[WORK TO BE COMPLETED]
From the entries below, retype only the lines from the one with "Length unit declared in the file: inch" through the one with "#12634 = PLANE", exactly as written.

(Records from a dataset)
|---|

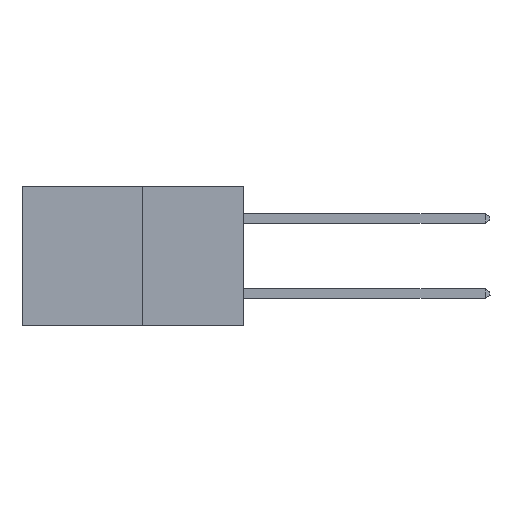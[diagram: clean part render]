
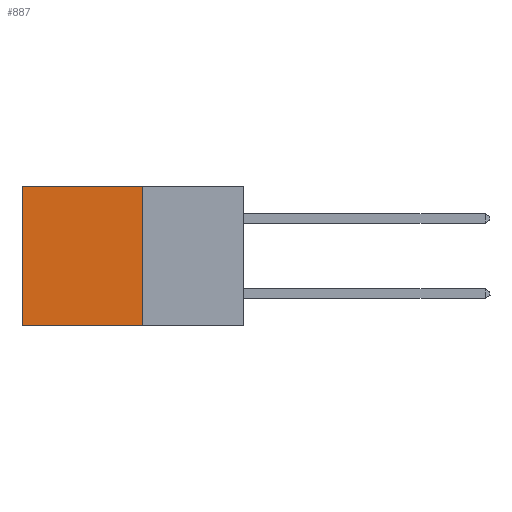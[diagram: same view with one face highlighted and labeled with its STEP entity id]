
A CAD part, left-side view. The second image highlights one B-rep face of the part: STEP entity #887.
In plain terms, the highlighted planar face has unit normal (-1, 0, 0).
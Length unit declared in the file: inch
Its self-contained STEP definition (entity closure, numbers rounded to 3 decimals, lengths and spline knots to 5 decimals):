
#619 = LINE ( 'NONE', #15748, #10975 ) ;
#887 = ADVANCED_FACE ( 'NONE', ( #17192 ), #12634, .F. ) ;
#1071 = LINE ( 'NONE', #22474, #6575 ) ;
#2514 = EDGE_LOOP ( 'NONE', ( #14219, #23921, #17671, #26342 ) ) ;
#2751 = CARTESIAN_POINT ( 'NONE',  ( 0.277, 0.27, 0. ) ) ;
#4473 = DIRECTION ( 'NONE',  ( 0., 1., 0. ) ) ;
#5511 = LINE ( 'NONE', #23908, #15774 ) ;
#5519 = DIRECTION ( 'NONE',  ( 0., 1., 0. ) ) ;
#6352 = VERTEX_POINT ( 'NONE', #14899 ) ;
#6575 = VECTOR ( 'NONE', #24531, 39.37008 ) ;
#8024 = EDGE_CURVE ( 'NONE', #6352, #23395, #619, .T. ) ;
#10975 = VECTOR ( 'NONE', #5519, 39.37008 ) ;
#12041 = VERTEX_POINT ( 'NONE', #13574 ) ;
#12251 = EDGE_CURVE ( 'NONE', #12041, #23395, #1071, .T. ) ;
#12634 = PLANE ( 'NONE',  #23258 ) ;
#13574 = CARTESIAN_POINT ( 'NONE',  ( 0.277, 0.59, 0. ) ) ;
#14219 = ORIENTED_EDGE ( 'NONE', *, *, #12251, .T. ) ;
#14899 = CARTESIAN_POINT ( 'NONE',  ( 0.277, 0.27, -0.37 ) ) ;
#15095 = EDGE_CURVE ( 'NONE', #18210, #6352, #5511, .T. ) ;
#15748 = CARTESIAN_POINT ( 'NONE',  ( 0.277, 0.27, -0.37 ) ) ;
#15774 = VECTOR ( 'NONE', #25931, 39.37008 ) ;
#17192 = FACE_OUTER_BOUND ( 'NONE', #2514, .T. ) ;
#17671 = ORIENTED_EDGE ( 'NONE', *, *, #15095, .F. ) ;
#18094 = VECTOR ( 'NONE', #4473, 39.37008 ) ;
#18210 = VERTEX_POINT ( 'NONE', #2751 ) ;
#18763 = DIRECTION ( 'NONE',  ( 1., 0., 0. ) ) ;
#18790 = DIRECTION ( 'NONE',  ( 0., 0., -1. ) ) ;
#21188 = CARTESIAN_POINT ( 'NONE',  ( 0.277, 0.27, -0.37 ) ) ;
#22474 = CARTESIAN_POINT ( 'NONE',  ( 0.277, 0.59, -0.37 ) ) ;
#23258 = AXIS2_PLACEMENT_3D ( 'NONE', #21188, #18763, #18790 ) ;
#23395 = VERTEX_POINT ( 'NONE', #26137 ) ;
#23571 = LINE ( 'NONE', #24893, #18094 ) ;
#23908 = CARTESIAN_POINT ( 'NONE',  ( 0.277, 0.27, -0.37 ) ) ;
#23921 = ORIENTED_EDGE ( 'NONE', *, *, #8024, .F. ) ;
#24531 = DIRECTION ( 'NONE',  ( 0., 0., -1. ) ) ;
#24893 = CARTESIAN_POINT ( 'NONE',  ( 0.277, 0.27, 0. ) ) ;
#25931 = DIRECTION ( 'NONE',  ( 0., 0., -1. ) ) ;
#26029 = EDGE_CURVE ( 'NONE', #18210, #12041, #23571, .T. ) ;
#26137 = CARTESIAN_POINT ( 'NONE',  ( 0.277, 0.59, -0.37 ) ) ;
#26342 = ORIENTED_EDGE ( 'NONE', *, *, #26029, .T. ) ;

|---|

[ANSWER TO THIS TASK]
Length unit declared in the file: inch
Its self-contained STEP definition (entity closure, numbers rounded to 3 decimals, lengths and spline knots to 5 decimals):
#619 = LINE ( 'NONE', #15748, #10975 ) ;
#887 = ADVANCED_FACE ( 'NONE', ( #17192 ), #12634, .F. ) ;
#1071 = LINE ( 'NONE', #22474, #6575 ) ;
#2514 = EDGE_LOOP ( 'NONE', ( #14219, #23921, #17671, #26342 ) ) ;
#2751 = CARTESIAN_POINT ( 'NONE',  ( 0.277, 0.27, 0. ) ) ;
#4473 = DIRECTION ( 'NONE',  ( 0., 1., 0. ) ) ;
#5511 = LINE ( 'NONE', #23908, #15774 ) ;
#5519 = DIRECTION ( 'NONE',  ( 0., 1., 0. ) ) ;
#6352 = VERTEX_POINT ( 'NONE', #14899 ) ;
#6575 = VECTOR ( 'NONE', #24531, 39.37008 ) ;
#8024 = EDGE_CURVE ( 'NONE', #6352, #23395, #619, .T. ) ;
#10975 = VECTOR ( 'NONE', #5519, 39.37008 ) ;
#12041 = VERTEX_POINT ( 'NONE', #13574 ) ;
#12251 = EDGE_CURVE ( 'NONE', #12041, #23395, #1071, .T. ) ;
#12634 = PLANE ( 'NONE',  #23258 ) ;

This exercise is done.